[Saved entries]
------------------------------

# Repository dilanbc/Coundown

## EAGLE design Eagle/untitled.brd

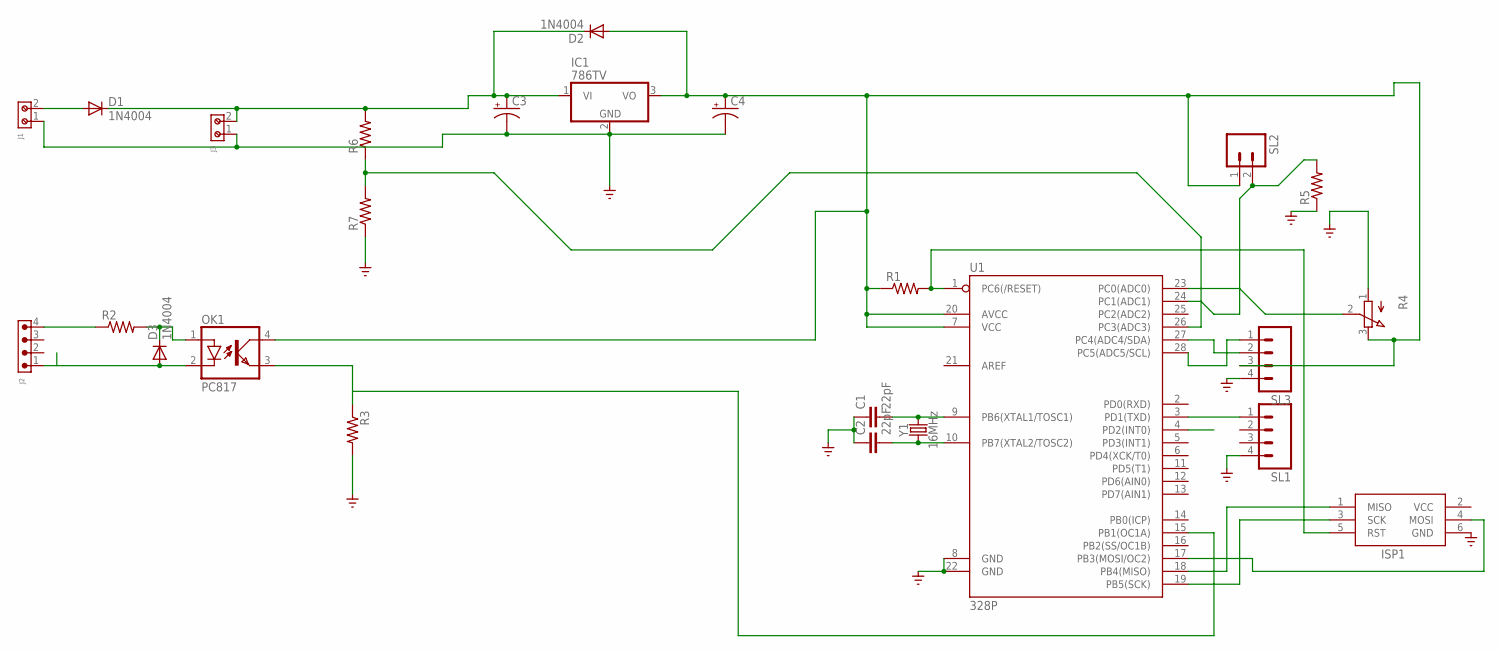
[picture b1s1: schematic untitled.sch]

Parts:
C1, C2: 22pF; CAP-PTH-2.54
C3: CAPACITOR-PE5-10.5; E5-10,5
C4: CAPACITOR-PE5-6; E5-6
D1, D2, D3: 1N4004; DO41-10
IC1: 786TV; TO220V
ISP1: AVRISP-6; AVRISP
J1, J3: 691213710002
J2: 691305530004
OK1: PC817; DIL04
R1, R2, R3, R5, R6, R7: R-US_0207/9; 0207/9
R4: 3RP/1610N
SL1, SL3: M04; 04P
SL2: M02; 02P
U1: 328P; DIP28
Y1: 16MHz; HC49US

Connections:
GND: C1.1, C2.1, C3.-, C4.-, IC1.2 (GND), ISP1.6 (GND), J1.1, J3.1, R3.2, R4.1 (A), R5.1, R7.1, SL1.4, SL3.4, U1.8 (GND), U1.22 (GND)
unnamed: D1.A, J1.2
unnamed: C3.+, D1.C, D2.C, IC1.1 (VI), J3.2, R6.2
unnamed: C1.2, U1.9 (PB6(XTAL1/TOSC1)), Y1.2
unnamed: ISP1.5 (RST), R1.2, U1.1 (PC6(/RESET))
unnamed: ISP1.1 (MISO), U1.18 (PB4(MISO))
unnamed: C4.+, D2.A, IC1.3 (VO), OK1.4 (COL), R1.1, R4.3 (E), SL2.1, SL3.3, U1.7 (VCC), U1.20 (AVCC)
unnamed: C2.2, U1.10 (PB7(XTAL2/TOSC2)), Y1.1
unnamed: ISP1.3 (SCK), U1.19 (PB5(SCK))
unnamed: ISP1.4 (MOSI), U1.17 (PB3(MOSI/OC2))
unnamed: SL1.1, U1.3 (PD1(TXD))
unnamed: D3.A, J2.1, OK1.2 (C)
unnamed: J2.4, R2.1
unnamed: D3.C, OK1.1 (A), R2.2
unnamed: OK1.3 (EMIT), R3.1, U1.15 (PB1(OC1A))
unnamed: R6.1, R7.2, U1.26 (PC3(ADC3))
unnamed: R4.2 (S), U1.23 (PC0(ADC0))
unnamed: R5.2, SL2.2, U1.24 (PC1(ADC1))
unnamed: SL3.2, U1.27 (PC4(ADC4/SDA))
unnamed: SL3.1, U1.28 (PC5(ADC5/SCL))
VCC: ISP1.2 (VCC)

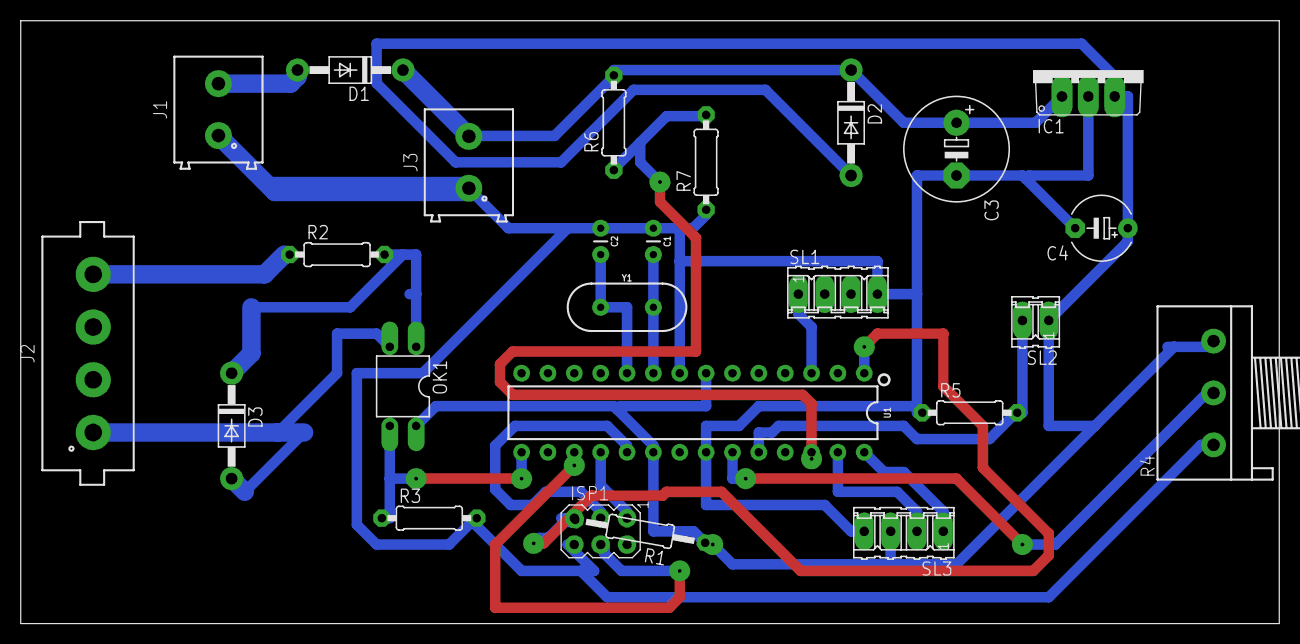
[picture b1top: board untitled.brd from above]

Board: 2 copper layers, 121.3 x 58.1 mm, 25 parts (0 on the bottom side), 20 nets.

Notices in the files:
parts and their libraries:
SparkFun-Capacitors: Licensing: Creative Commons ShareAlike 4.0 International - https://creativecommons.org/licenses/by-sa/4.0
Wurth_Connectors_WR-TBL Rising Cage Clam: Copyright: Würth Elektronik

------------------------------

## Exercise
Beginning with the line where "unnamed: C3.+, D1.C, D2.C, IC1.1" appears, transcribe the records above word for word through their last line, and include no pictures.

## Written solution
unnamed: C3.+, D1.C, D2.C, IC1.1 (VI), J3.2, R6.2
unnamed: C1.2, U1.9 (PB6(XTAL1/TOSC1)), Y1.2
unnamed: ISP1.5 (RST), R1.2, U1.1 (PC6(/RESET))
unnamed: ISP1.1 (MISO), U1.18 (PB4(MISO))
unnamed: C4.+, D2.A, IC1.3 (VO), OK1.4 (COL), R1.1, R4.3 (E), SL2.1, SL3.3, U1.7 (VCC), U1.20 (AVCC)
unnamed: C2.2, U1.10 (PB7(XTAL2/TOSC2)), Y1.1
unnamed: ISP1.3 (SCK), U1.19 (PB5(SCK))
unnamed: ISP1.4 (MOSI), U1.17 (PB3(MOSI/OC2))
unnamed: SL1.1, U1.3 (PD1(TXD))
unnamed: D3.A, J2.1, OK1.2 (C)
unnamed: J2.4, R2.1
unnamed: D3.C, OK1.1 (A), R2.2
unnamed: OK1.3 (EMIT), R3.1, U1.15 (PB1(OC1A))
unnamed: R6.1, R7.2, U1.26 (PC3(ADC3))
unnamed: R4.2 (S), U1.23 (PC0(ADC0))
unnamed: R5.2, SL2.2, U1.24 (PC1(ADC1))
unnamed: SL3.2, U1.27 (PC4(ADC4/SDA))
unnamed: SL3.1, U1.28 (PC5(ADC5/SCL))
VCC: ISP1.2 (VCC)

[picture b1top: board untitled.brd from above]

Board: 2 copper layers, 121.3 x 58.1 mm, 25 parts (0 on the bottom side), 20 nets.

Notices in the files:
parts and their libraries:
SparkFun-Capacitors: Licensing: Creative Commons ShareAlike 4.0 International - https://creativecommons.org/licenses/by-sa/4.0
Wurth_Connectors_WR-TBL Rising Cage Clam: Copyright: Würth Elektronik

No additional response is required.